§ **Task to complete**: Copy each line from the entries that the word "Commit" appears in.

§ **Records for this task**:
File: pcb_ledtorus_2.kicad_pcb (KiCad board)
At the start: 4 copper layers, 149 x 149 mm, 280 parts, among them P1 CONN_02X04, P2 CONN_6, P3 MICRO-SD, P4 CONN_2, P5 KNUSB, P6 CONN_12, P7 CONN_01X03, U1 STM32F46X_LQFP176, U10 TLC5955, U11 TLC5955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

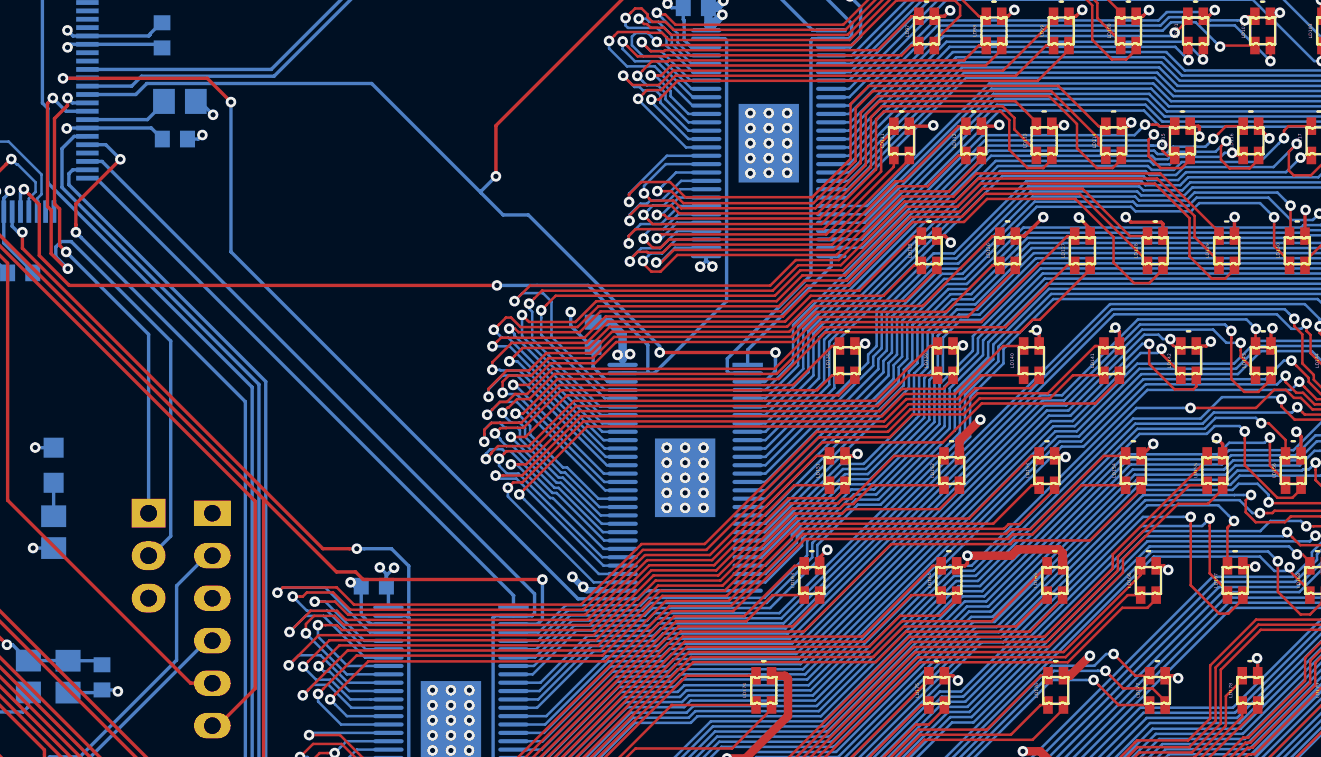
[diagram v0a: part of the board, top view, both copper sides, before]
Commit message: Cleanup back routing on U11
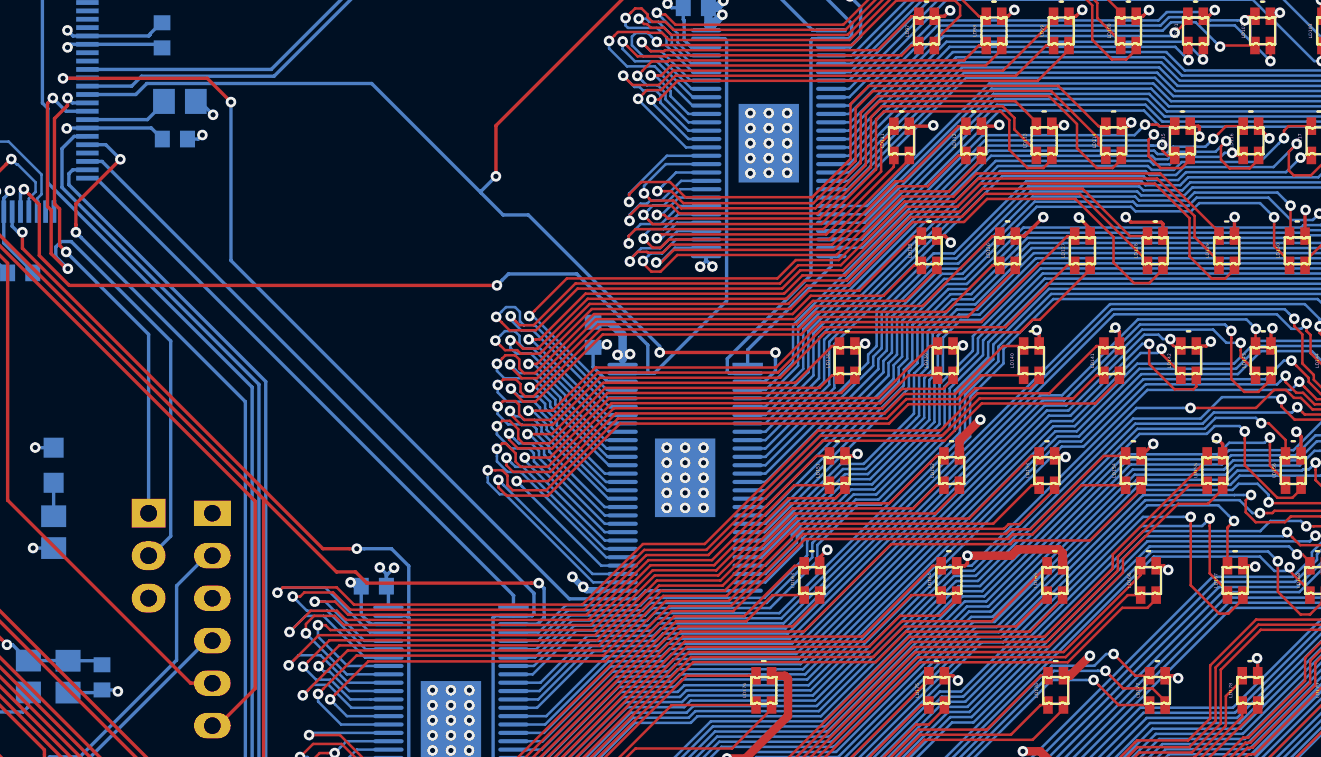
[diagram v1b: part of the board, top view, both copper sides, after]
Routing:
- net /LEDs/led138b: track 35.8 -> 28.7 mm
- net /LEDs/led126b: track 45.8 -> 39.5 mm
- net /LEDs/led129r: track 56.6 -> 62.6 mm
- net /LEDs/led127b: track 50.1 -> 44.8 mm
- net /LEDs/led139b: track 40.7 -> 35.4 mm
- net /LEDs/led125b: track 38.5 -> 34.4 mm
- net /LEDs/led140g: track 43.1 -> 47.0 mm
- net /LEDs/led140r: track 42.3 -> 45.9 mm
- net /LEDs/led129b: track 57.3 -> 53.9 mm
- net /LEDs/led128r: track 55.2 -> 58.0 mm
- net /LEDs/led140b: track 44.6 -> 42.1 mm
- net /LEDs/led127g: track 47.7 -> 49.8 mm
- net /LEDs/led139g: track 38.4 -> 40.3 mm
- net /LEDs/led128b: track 51.3 -> 49.4 mm
- net /LEDs/led126g: track 42.6 -> 44.5 mm
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
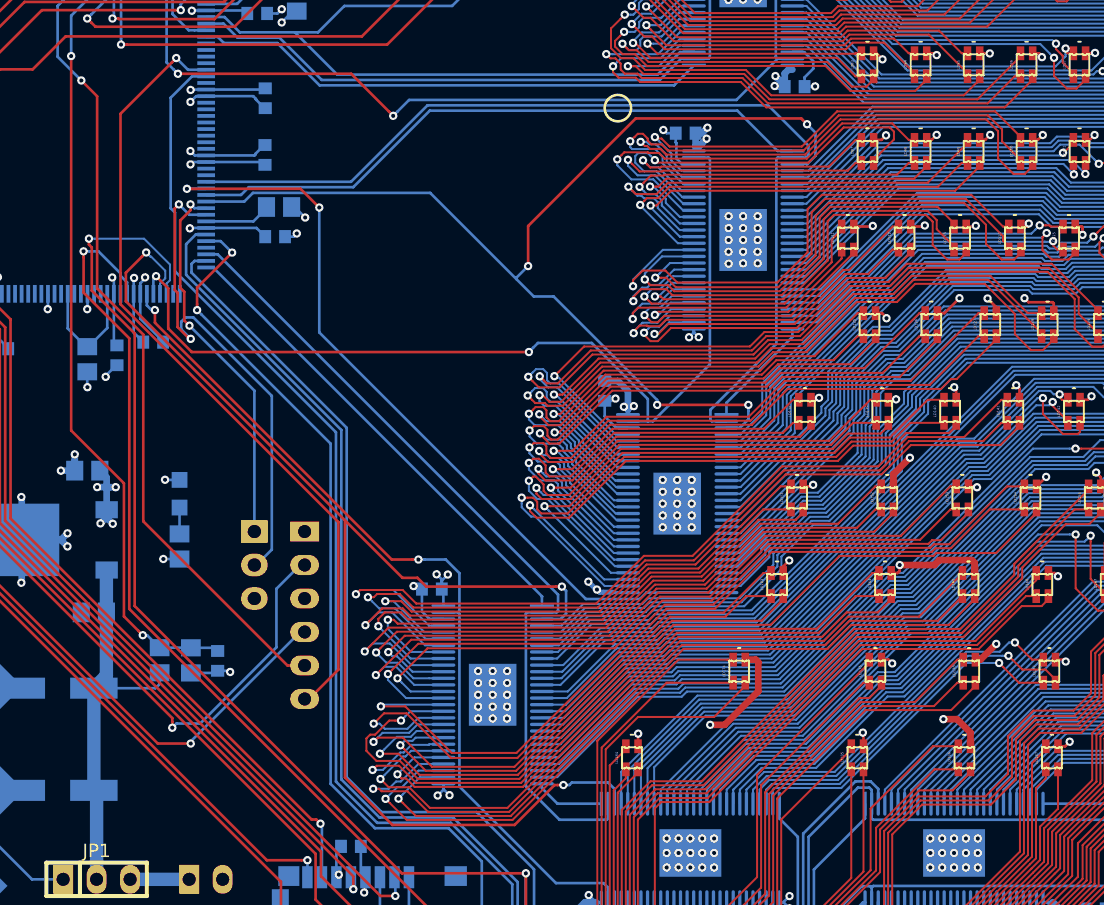
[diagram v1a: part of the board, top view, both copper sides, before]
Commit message: Cleanup back routing on U12
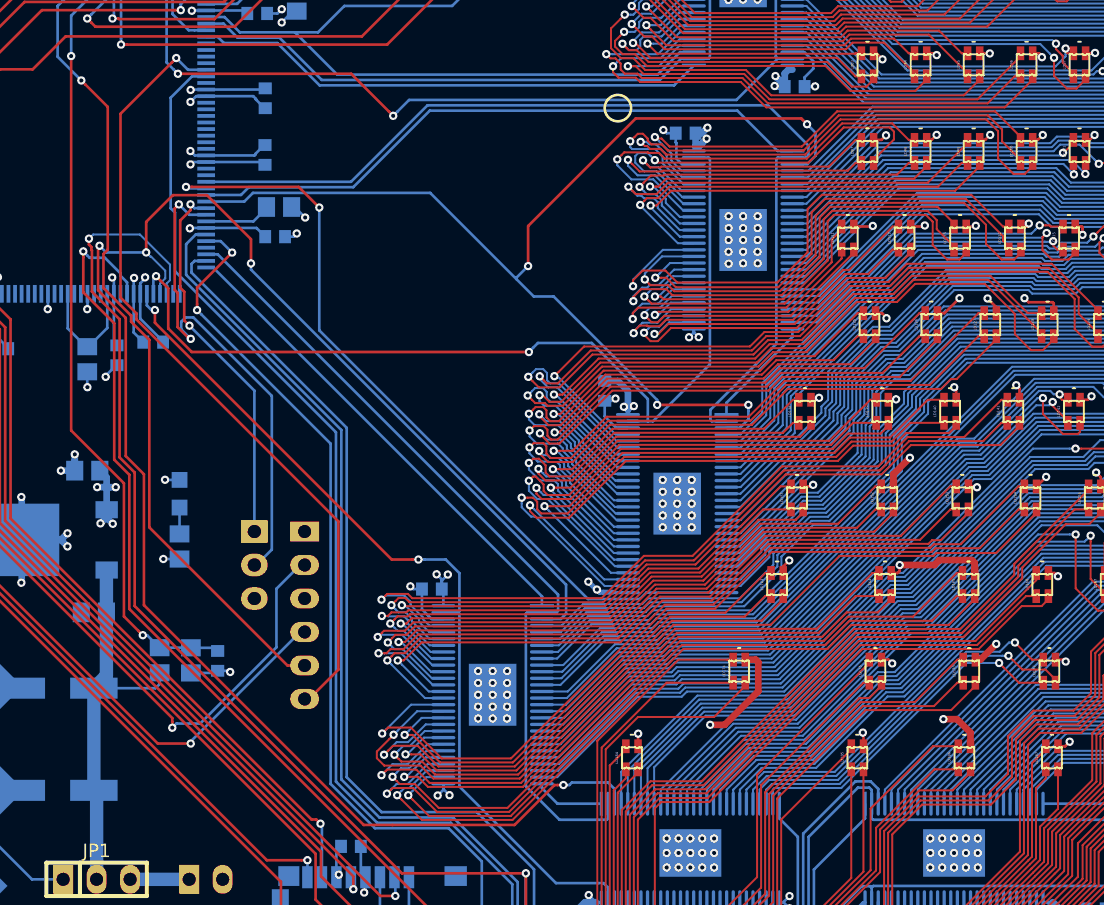
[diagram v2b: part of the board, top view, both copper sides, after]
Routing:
- net /lat5: track 98.6 -> 134.5 mm, vias 3 -> 4
- net /LEDs/led154g: track 64.7 -> 59.3 mm
- net /LEDs/led141b: track 64.2 -> 60.0 mm
- net /LEDs/led141g: track 61.9 -> 57.8 mm
- net /LEDs/led151b: track 44.4 -> 40.8 mm
- net /LEDs/led141r: track 59.9 -> 56.9 mm
- net /LEDs/led151g: track 41.7 -> 39.1 mm
- net /LEDs/led151r: track 41.0 -> 38.4 mm
- net /LEDs/led152b: track 51.2 -> 48.9 mm
- net /LEDs/led163r: track 42.5 -> 40.3 mm
- net /LEDs/led154r: track 68.0 -> 66.1 mm
- net /LEDs/led164r: track 52.1 -> 50.3 mm
- net /LEDs/led152g: track 48.7 -> 46.9 mm
- net /LEDs/led165r: track 57.8 -> 56.0 mm
- net /LEDs/led165b: track 59.0 -> 57.3 mm
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
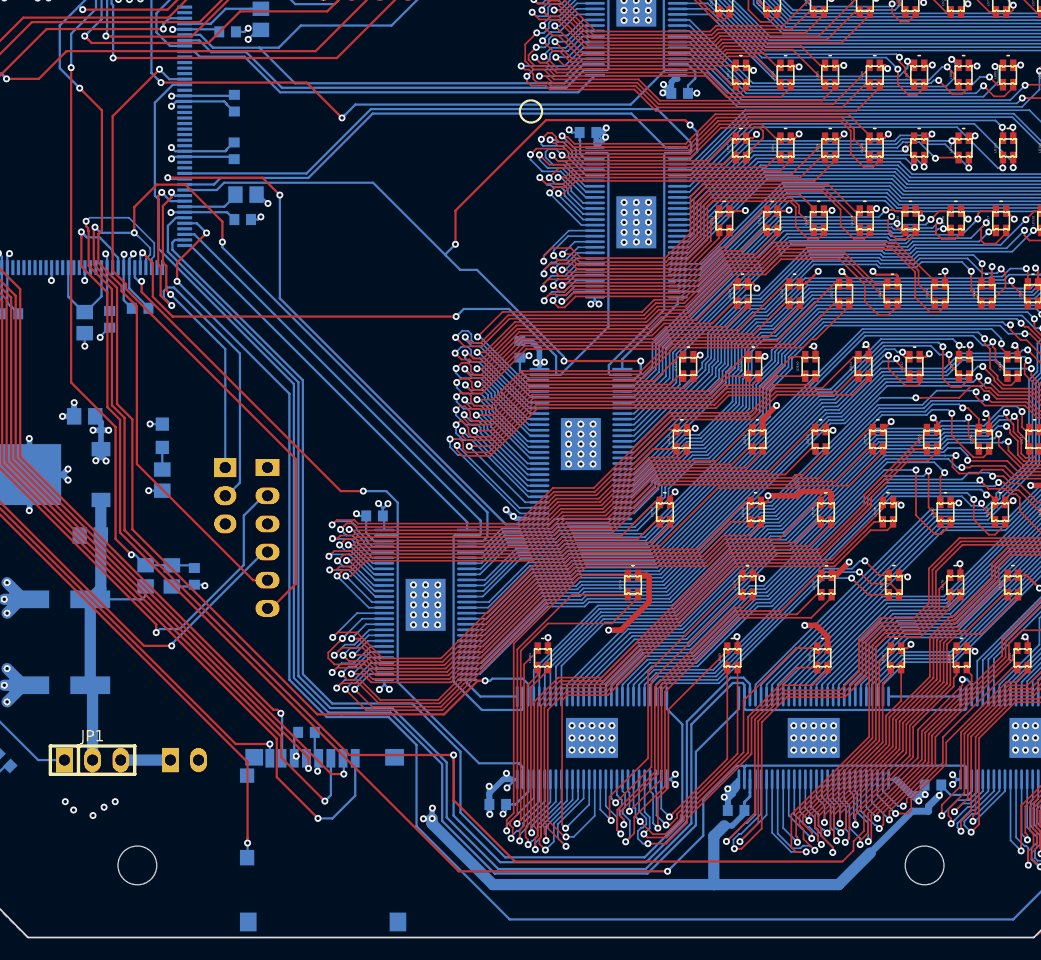
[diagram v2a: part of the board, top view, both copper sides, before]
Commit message: Cleanup back routing on U13
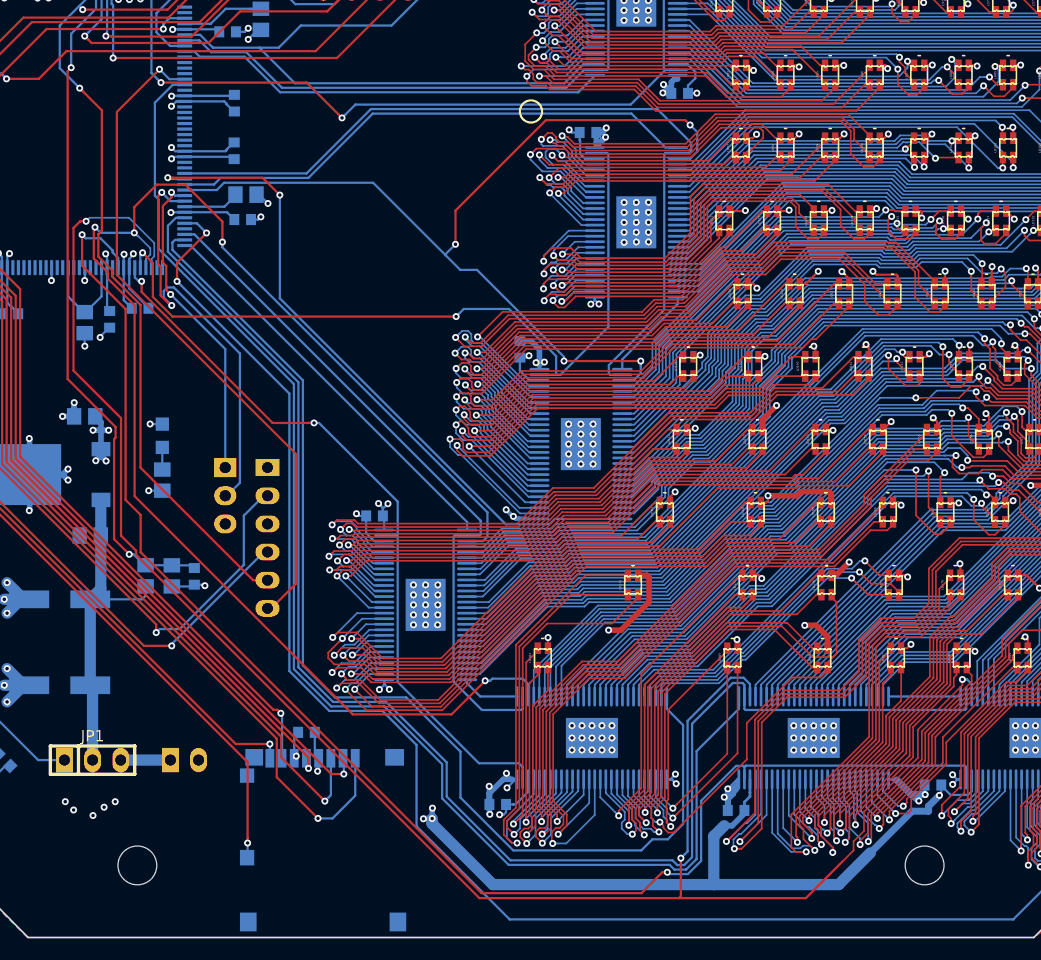
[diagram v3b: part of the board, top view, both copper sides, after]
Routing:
- net /lat6: track 188.8 -> 168.6 mm
- net /LEDs/led155b: track 67.3 -> 61.5 mm
- net /LEDs/led166b: track 59.1 -> 53.4 mm
- net /LEDs/led176r: track 40.0 -> 45.0 mm
- net /LEDs/led175g: track 26.0 -> 30.2 mm
- net /LEDs/led184b: track 24.8 -> 20.9 mm
- net /LEDs/led174b: track 35.6 -> 39.2 mm
- net /LEDs/led186r: track 32.2 -> 28.7 mm
- net /LEDs/led176g: track 33.1 -> 36.0 mm
- net /LEDs/led186g: track 29.5 -> 32.1 mm
- net /gsclk6: track 131.1 -> 133.5 mm
- net /LEDs/led176b: track 37.3 -> 39.7 mm
- net /LEDs/led186b: track 30.4 -> 32.7 mm
- net /LEDs/led166r: track 53.6 -> 55.7 mm
- net /LEDs/led166g: track 56.1 -> 58.2 mm
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
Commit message: Cleanup back routing on U14
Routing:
- net /LEDs/led178r: track 40.5 -> 33.6 mm
- net /LEDs/led178b: track 42.4 -> 37.3 mm
- net /LEDs/led178g: track 36.1 -> 31.5 mm
- net /LEDs/led187r: track 26.4 -> 22.5 mm
- net /LEDs/led171b: track 57.3 -> 53.5 mm
- net /LEDs/led180b: track 37.4 -> 35.1 mm
- net /LEDs/led188r: track 26.8 -> 24.6 mm
- net /LEDs/led189r: track 23.0 -> 21.6 mm
- net /LEDs/led189b: track 24.6 -> 23.2 mm
- net /LEDs/led180r: track 34.5 -> 33.1 mm
- net /LEDs/led179b: track 36.8 -> 35.6 mm
- net /LEDs/led188b: track 27.9 -> 26.7 mm
- net /LEDs/led170r: track 62.9 -> 61.8 mm
- net /LEDs/led180g: track 31.6 -> 30.5 mm
- net /LEDs/led170g: track 60.0 -> 58.9 mm

§ **Solution to this task**:
Commit message: Cleanup back routing on U11
Commit message: Cleanup back routing on U12
Commit message: Cleanup back routing on U13
Commit message: Cleanup back routing on U14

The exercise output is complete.